[Stored entries]

........

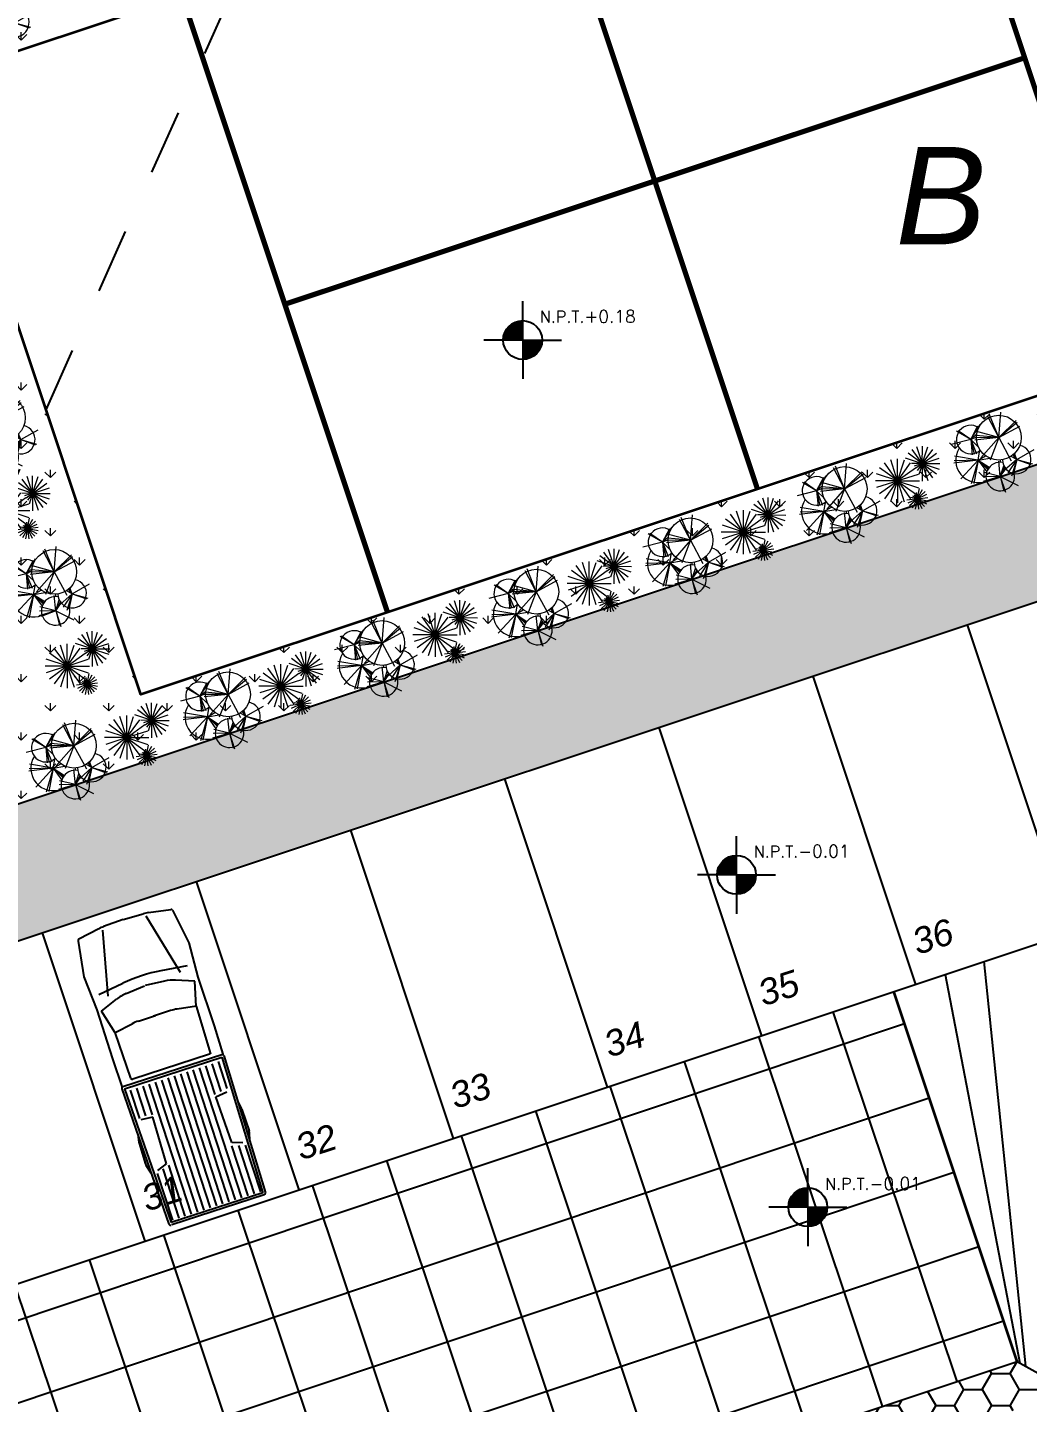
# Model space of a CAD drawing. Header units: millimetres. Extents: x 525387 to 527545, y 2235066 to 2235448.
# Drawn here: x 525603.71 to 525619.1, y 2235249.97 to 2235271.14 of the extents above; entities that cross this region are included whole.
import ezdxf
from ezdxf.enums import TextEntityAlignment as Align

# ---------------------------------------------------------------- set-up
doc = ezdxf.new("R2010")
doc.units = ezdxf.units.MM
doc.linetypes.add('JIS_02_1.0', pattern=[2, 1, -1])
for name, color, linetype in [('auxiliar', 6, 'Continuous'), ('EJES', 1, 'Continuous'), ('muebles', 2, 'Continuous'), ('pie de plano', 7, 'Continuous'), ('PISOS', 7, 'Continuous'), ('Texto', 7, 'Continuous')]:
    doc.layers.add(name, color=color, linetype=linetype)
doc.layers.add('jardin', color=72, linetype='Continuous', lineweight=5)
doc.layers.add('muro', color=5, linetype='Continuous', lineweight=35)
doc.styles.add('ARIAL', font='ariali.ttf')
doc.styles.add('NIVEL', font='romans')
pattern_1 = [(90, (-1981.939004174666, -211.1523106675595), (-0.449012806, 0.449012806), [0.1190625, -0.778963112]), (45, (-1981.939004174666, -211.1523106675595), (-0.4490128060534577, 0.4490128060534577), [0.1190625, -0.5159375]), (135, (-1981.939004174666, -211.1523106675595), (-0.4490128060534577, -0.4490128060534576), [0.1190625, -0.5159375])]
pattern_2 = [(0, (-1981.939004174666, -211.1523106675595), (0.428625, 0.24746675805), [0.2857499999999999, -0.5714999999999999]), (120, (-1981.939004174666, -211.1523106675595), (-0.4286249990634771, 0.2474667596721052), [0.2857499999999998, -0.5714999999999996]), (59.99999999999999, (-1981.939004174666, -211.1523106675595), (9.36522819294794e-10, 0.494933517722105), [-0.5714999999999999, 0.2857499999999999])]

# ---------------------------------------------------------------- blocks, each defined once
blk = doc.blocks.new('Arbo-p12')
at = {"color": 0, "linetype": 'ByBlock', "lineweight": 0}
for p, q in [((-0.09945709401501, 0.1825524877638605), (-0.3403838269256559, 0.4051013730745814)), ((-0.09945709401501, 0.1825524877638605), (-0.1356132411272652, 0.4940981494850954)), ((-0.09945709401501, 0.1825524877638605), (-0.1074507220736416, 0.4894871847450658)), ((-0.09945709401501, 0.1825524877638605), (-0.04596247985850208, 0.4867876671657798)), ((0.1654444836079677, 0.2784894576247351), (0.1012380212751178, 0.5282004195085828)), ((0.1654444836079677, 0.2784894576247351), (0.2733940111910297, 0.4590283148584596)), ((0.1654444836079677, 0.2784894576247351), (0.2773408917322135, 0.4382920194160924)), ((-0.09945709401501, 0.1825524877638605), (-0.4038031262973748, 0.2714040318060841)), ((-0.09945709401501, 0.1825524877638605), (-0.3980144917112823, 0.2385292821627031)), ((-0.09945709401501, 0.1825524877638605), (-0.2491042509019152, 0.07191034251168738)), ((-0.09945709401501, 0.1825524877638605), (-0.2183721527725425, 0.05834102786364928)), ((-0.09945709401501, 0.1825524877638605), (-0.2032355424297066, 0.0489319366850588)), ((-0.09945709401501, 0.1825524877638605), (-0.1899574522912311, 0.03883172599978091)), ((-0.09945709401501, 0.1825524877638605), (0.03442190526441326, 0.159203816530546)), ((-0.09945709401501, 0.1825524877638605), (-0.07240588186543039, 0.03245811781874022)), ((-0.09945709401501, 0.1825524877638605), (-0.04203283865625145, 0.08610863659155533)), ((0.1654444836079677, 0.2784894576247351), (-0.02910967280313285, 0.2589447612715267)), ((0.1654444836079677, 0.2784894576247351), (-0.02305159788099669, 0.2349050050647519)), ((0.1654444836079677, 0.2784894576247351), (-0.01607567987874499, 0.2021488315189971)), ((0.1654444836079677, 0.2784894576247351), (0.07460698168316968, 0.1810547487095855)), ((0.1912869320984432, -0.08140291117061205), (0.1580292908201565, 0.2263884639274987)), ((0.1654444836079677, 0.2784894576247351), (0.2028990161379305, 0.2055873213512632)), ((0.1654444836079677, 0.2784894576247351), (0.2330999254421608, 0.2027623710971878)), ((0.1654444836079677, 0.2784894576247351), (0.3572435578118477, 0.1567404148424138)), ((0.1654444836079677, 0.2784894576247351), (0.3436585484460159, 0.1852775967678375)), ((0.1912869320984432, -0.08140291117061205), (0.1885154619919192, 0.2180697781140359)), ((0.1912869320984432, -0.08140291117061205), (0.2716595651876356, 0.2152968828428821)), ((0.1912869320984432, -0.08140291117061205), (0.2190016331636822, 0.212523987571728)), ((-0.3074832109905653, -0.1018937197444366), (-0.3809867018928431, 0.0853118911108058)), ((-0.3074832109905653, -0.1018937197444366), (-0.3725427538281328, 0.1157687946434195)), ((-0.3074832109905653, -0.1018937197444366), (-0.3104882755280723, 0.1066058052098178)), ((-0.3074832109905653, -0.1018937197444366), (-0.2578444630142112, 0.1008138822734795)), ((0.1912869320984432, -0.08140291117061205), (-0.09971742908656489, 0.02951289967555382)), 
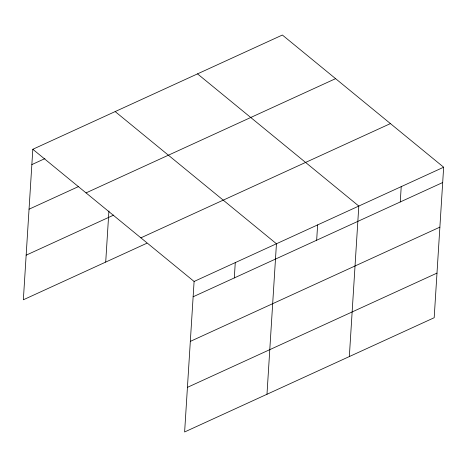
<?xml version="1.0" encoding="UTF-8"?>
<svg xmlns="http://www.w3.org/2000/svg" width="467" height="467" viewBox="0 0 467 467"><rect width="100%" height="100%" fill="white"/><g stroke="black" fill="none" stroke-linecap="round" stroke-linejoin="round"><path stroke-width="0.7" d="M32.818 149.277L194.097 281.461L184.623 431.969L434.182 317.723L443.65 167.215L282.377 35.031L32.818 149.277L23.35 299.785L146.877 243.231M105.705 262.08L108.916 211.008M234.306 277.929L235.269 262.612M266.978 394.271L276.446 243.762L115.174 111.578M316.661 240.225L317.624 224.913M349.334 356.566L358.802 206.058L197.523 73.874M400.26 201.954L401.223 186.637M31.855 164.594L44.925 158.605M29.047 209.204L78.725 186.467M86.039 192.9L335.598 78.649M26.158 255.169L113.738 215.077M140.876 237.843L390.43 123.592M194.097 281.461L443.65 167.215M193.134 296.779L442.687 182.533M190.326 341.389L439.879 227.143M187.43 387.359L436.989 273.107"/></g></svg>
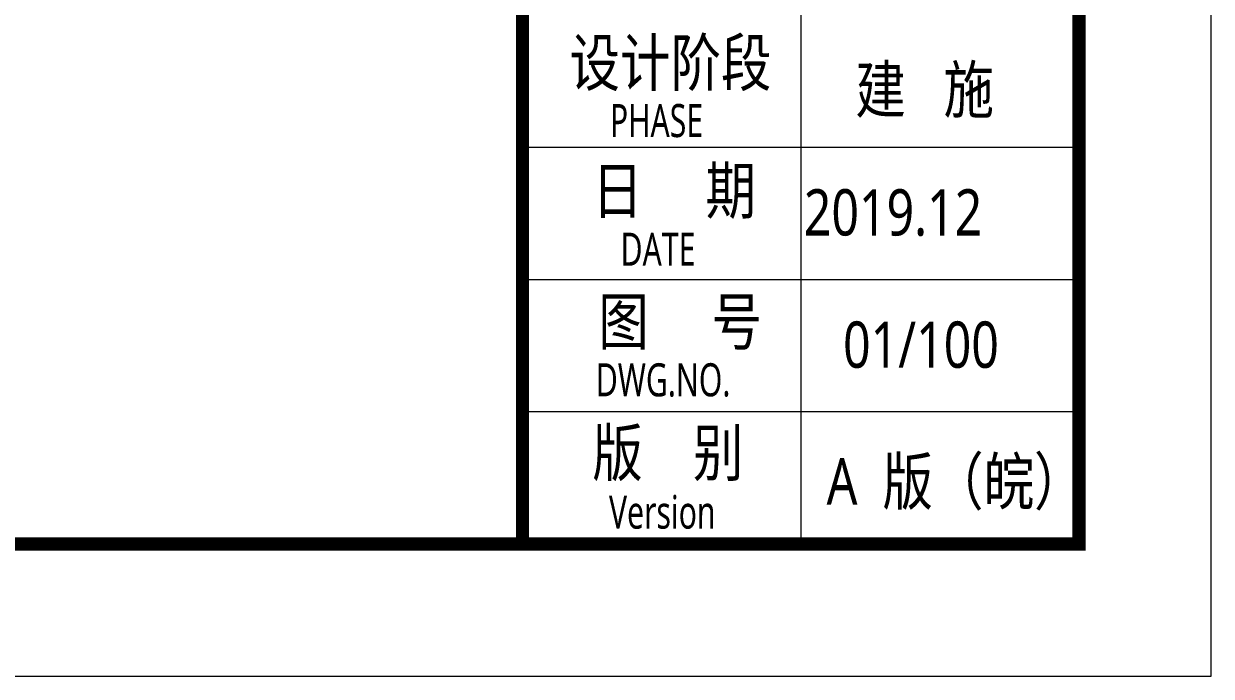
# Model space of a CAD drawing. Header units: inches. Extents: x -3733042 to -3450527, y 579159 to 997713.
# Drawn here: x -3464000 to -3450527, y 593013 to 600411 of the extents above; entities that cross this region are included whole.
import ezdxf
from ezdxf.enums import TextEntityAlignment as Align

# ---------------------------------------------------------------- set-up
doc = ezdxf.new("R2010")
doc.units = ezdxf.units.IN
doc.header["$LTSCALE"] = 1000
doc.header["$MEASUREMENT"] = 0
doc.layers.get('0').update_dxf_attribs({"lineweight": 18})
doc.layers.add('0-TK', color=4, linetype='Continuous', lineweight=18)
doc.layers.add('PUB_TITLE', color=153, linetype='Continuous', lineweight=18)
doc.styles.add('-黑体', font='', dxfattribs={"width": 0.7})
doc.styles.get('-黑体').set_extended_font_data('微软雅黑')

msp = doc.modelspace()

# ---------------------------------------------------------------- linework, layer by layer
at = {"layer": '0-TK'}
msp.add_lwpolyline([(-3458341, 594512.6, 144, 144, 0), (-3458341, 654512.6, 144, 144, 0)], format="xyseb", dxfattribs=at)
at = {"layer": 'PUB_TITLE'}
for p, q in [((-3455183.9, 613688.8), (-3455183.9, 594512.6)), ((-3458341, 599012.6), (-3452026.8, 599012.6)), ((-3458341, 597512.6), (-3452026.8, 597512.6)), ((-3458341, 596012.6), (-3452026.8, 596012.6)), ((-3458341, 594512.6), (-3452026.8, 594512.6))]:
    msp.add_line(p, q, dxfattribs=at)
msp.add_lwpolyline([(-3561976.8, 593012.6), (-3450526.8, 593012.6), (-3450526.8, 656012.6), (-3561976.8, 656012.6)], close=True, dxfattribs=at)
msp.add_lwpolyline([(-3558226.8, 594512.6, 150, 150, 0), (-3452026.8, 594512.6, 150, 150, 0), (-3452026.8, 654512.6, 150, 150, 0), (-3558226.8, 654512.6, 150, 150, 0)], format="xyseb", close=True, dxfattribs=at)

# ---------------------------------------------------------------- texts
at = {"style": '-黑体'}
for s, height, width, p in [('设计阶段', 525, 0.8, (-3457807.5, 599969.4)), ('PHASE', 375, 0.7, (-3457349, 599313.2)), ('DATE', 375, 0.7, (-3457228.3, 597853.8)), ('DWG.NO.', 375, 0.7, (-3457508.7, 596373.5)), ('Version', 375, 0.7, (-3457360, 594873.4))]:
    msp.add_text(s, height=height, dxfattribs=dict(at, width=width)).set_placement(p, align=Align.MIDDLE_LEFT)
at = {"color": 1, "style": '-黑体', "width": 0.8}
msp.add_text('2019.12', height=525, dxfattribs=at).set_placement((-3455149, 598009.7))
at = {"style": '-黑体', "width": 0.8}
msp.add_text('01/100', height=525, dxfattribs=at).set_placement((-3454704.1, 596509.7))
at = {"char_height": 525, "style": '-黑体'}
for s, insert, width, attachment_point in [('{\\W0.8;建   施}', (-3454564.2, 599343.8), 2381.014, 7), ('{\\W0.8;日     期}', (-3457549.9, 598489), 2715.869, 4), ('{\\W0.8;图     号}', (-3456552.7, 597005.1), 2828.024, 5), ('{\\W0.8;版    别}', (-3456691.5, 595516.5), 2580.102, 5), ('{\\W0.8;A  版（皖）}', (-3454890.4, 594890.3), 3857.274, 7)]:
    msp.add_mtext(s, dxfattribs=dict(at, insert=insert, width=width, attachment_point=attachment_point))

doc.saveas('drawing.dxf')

........

WORK INSTRUCTION
All lines above containing the string "whole" are to be collected.

OUTPUT
# Drawn here: x 525603.71 to 525619.1, y 2235249.97 to 2235271.14 of the extents above; entities that cross this region are included whole.
# Drawn here: x -3464000 to -3450527, y 593013 to 600411 of the extents above; entities that cross this region are included whole.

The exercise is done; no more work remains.